— Exercise objective —
Every line from the one with "doc.units = 0" to the one with "for name, color, linetype", including those two, is to be copied exactly; all other lines of the entries below are left out.

(Beginning of Source data)

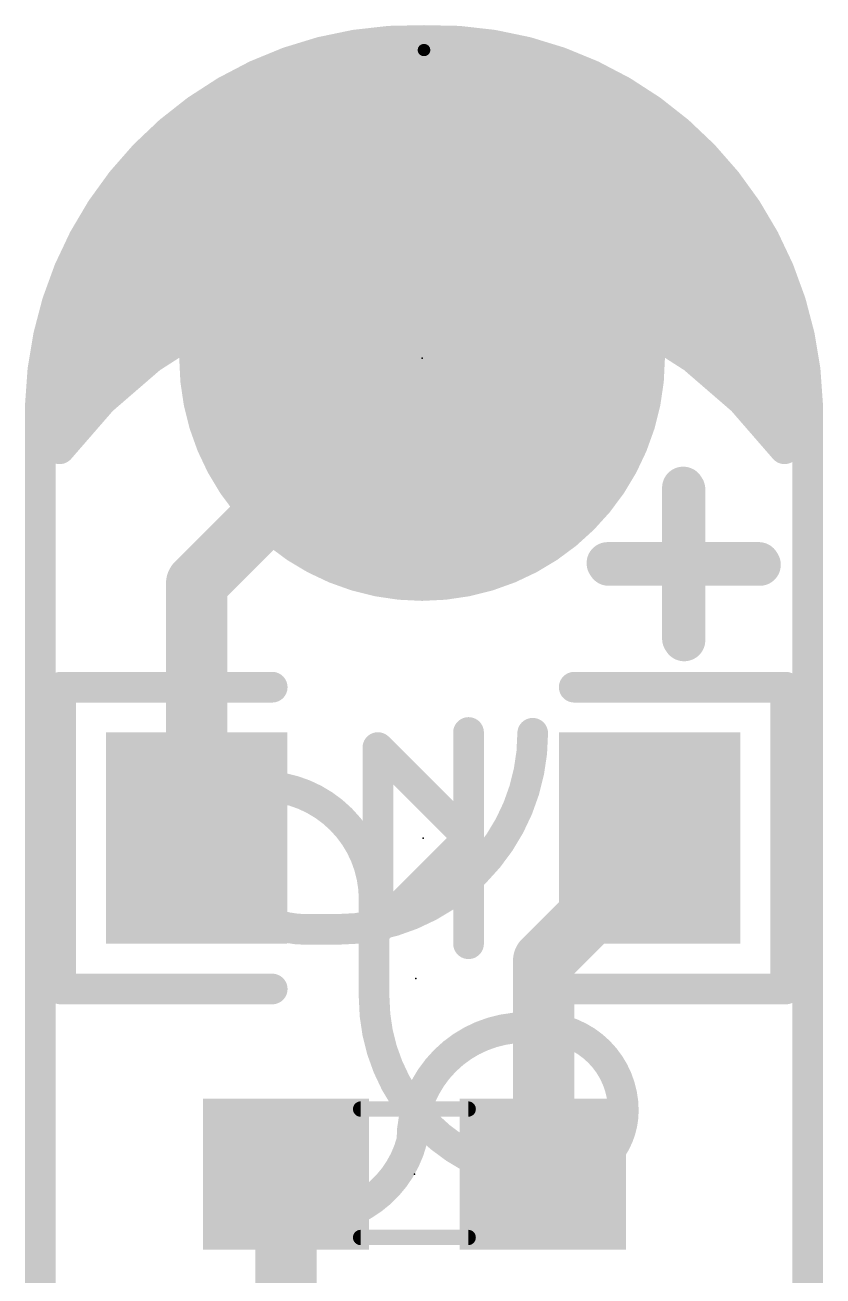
# Model space of a CAD drawing. Extents: x -26 to 81, y -13 to 14.
# Drawn here: x 7.13 to 12.41, y 5.49 to 13.78 of the extents above; entities that cross this region are included whole.
import ezdxf

# ---------------------------------------------------------------- set-up
doc = ezdxf.new("R2010")
doc.units = 0
for name, color, linetype in [('1', 12, 'CONTINUOUS'), ('16', 132, 'CONTINUOUS'), ('17', 110, 'CONTINUOUS'), ('20', 53, 'CONTINUOUS'), ('21', 41, 'CONTINUOUS'), ('22', 40, 'CONTINUOUS'), ('23', 53, 'CONTINUOUS'), ('24', 53, 'CONTINUOUS'), ('51', 53, 'CONTINUOUS')]:
    doc.layers.add(name, color=color, linetype=linetype)

# ---------------------------------------------------------------- blocks, each defined once
blk = doc.blocks.new('RECT')
blk.add_solid([(-0.5, -0.5), (0.5, -0.5), (-0.5, 0.5), (0.5, 0.5)])
blk = doc.blocks.new('ROUNDP')
at = {"const_width": 0.5}
blk.add_lwpolyline([(0, -0.25, 1), (0, 0.25, 1), (0, -0.25)], format="xyb", dxfattribs=at)

msp = doc.modelspace()

# ---------------------------------------------------------------- linework, layer by layer
at = {"layer": '1'}
for points, const_width in [([(9.3963, 13.5487), (9.0415, 13.4725)], 0.2032), ([(9.7587, 13.5697), (9.3963, 13.5487)], 0.2032), ([(10.121, 13.5487), (9.7587, 13.5697)], 0.2032), ([(10.4759, 13.4725), (10.121, 13.5487)], 0.2032), ([(9.0415, 13.4725), (8.7024, 13.343)], 0.2032), ([(8.8811, 13.4112), (10.6363, 13.4112)], 0.2032), ([(10.8149, 13.343), (10.4759, 13.4725)], 0.2032), ([(8.7024, 13.343), (8.3872, 13.1631)], 0.2032), ([(11.1302, 13.1631), (10.8149, 13.343)], 0.2032), ([(8.3872, 13.1631), (8.1031, 12.9372)], 0.2032), ([(8.4659, 13.208), (11.0515, 13.208)], 0.2032), ([(11.4142, 12.9372), (11.1302, 13.1631)], 0.2032), ([(8.1881, 13.0048), (11.3292, 13.0048)], 0.2032), ([(8.1031, 12.9372), (7.8569, 12.6705)], 0.2032), ([(11.6604, 12.6705), (11.4142, 12.9372)], 0.2032), ([(7.978, 12.8016), (11.5394, 12.8016)], 0.2032), ([(7.8569, 12.6705), (7.6544, 12.3693)], 0.2032), ([(11.8629, 12.3693), (11.6604, 12.6705)], 0.2032), ([(7.8085, 12.5984), (11.7089, 12.5984)], 0.2032), ([(7.6544, 12.3693), (7.5003, 12.0407)], 0.2032), ([(7.6718, 12.3952), (11.8455, 12.3952)], 0.2032), ([(12.017, 12.0407), (11.8629, 12.3693)], 0.2032), ([(7.5713, 12.192), (11.9461, 12.192)], 0.2032), ([(8.7113, 11.9809), (9.1216, 12.1013)], 0.2032), ([(9.1216, 12.1013), (9.5449, 12.1621)], 0.2032), ([(9.5449, 12.1621), (9.9725, 12.1621)], 0.2032), ([(9.9725, 12.1621), (10.3958, 12.1013)], 0.2032), ([(10.3958, 12.1013), (10.8061, 11.9809)], 0.2032), ([(7.5003, 12.0407), (7.3983, 11.6924)], 0.2032), ([(12.1191, 11.6924), (12.017, 12.0407)], 0.2032), ([(7.4851, 11.9888), (8.7382, 11.9888)], 0.2032), ([(8.3222, 11.8034), (8.7113, 11.9809)], 0.2032), ([(10.7792, 11.9888), (12.0322, 11.9888)], 0.2032), ([(10.8061, 11.9809), (11.1951, 11.8034)], 0.2032), ([(7.4256, 11.7856), (8.2944, 11.7856)], 0.2032), ([(7.9624, 11.5724), (8.3222, 11.8034)], 0.2032), ([(11.1951, 11.8034), (11.555, 11.5724)], 0.2032), ([(11.2229, 11.7856), (12.0918, 11.7856)], 0.2032), ([(7.3983, 11.6924), (7.3507, 11.3326)], 0.2032), ([(8.2663, 10.0773), (9.7587, 11.5697)], 0.4064), ([(12.1667, 11.3326), (12.1191, 11.6924)], 0.2032), ([(7.3838, 11.5824), (7.9779, 11.5824)], 0.2032), ([(7.639, 11.2926), (7.9624, 11.5724)], 0.2032), ([(11.5395, 11.5824), (12.1336, 11.5824)], 0.2032), ([(11.555, 11.5724), (11.8784, 11.2926)], 0.2032), ([(7.3569, 11.3792), (7.739, 11.3792)], 0.2032), ([(11.7783, 11.3792), (12.1605, 11.3792)], 0.2032), ([(7.3507, 11.3326), (7.3587, 10.9697)], 0.2032), ([(7.3587, 10.9697), (7.639, 11.2926)], 0.2032), ([(11.8784, 11.2926), (12.1587, 10.9697)], 0.2032), ([(12.1587, 10.9697), (12.1667, 11.3326)], 0.2032), ([(7.3541, 11.176), (7.5377, 11.176)], 0.2032), ([(11.9796, 11.176), (12.1632, 11.176)], 0.2032), ([(7.3586, 10.9728), (7.3614, 10.9728)], 0.2032), ([(12.156, 10.9728), (12.1587, 10.9728)], 0.2032), ([(8.2663, 8.3896), (8.2663, 10.0773)], 0.4064), ([(11.2663, 8.3896), (11.2663, 8.2793)], 0.4064), ([(11.2663, 8.2793), (10.5639, 7.5768)], 0.4064), ([(10.5639, 7.5768), (10.5639, 6.168)], 0.4064), ([(8.8579, 6.162), (8.8579, 4.0504)], 0.4064), ([(10.5639, 6.168), (10.5579, 6.162)], 0.4064)]:
    msp.add_lwpolyline(points, dxfattribs=dict(at, const_width=const_width))
for points, const_width in [([(9.3934, 13.5994, 1), (9.3993, 13.498)], 0.1016), ([(9.407, 13.499, 1), (9.3857, 13.5983)], 0.1016), ([(9.7616, 13.6204, 1), (9.7557, 13.519)], 0.1016), ([(9.7616, 13.519, 1), (9.7557, 13.6204)], 0.1016), ([(10.1317, 13.5983, 1), (10.1104, 13.499)], 0.1016), ([(10.1181, 13.498, 1), (10.124, 13.5994)], 0.1016), ([(8.8811, 13.462, 1), (8.8811, 13.3604)], 0.1016), ([(9.0308, 13.5222, 1), (9.0521, 13.4228)], 0.1016), ([(9.0596, 13.425, 1), (9.0234, 13.5199)], 0.1016), ([(10.494, 13.5199, 1), (10.4578, 13.425)], 0.1016), ([(10.4652, 13.4228, 1), (10.4865, 13.5222)], 0.1016), ([(10.6363, 13.3604, 1), (10.6363, 13.462)], 0.1016), ([(8.6843, 13.3904, 1), (8.7206, 13.2955)], 0.1016), ([(8.7276, 13.2988, 1), (8.6773, 13.3871)], 0.1016), ([(10.8401, 13.3871, 1), (10.7898, 13.2988)], 0.1016), ([(10.7968, 13.2955, 1), (10.8331, 13.3904)], 0.1016), ([(8.4188, 13.1234, 1), (8.3556, 13.2029)], 0.1016), ([(8.4659, 13.2588, 1), (8.4659, 13.1572)], 0.1016), ([(11.0515, 13.1572, 1), (11.0515, 13.2588)], 0.1016), ([(11.1618, 13.2029, 1), (11.0986, 13.1234)], 0.1016), ([(8.362, 13.2072, 1), (8.4124, 13.119)], 0.1016), ([(11.105, 13.119, 1), (11.1554, 13.2072)], 0.1016), ([(8.1881, 13.0556, 1), (8.1881, 12.954)], 0.1016), ([(11.3292, 12.954, 1), (11.3292, 13.0556)], 0.1016), ([(8.0715, 12.9769, 1), (8.1347, 12.8974)], 0.1016), ([(8.1404, 12.9027, 1), (8.0658, 12.9716)], 0.1016), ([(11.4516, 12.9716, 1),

(End of Source data)

— Written answer —
doc.units = 0
for name, color, linetype in [('1', 12, 'CONTINUOUS'), ('16', 132, 'CONTINUOUS'), ('17', 110, 'CONTINUOUS'), ('20', 53, 'CONTINUOUS'), ('21', 41, 'CONTINUOUS'), ('22', 40, 'CONTINUOUS'), ('23', 53, 'CONTINUOUS'), ('24', 53, 'CONTINUOUS'), ('51', 53, 'CONTINUOUS')]:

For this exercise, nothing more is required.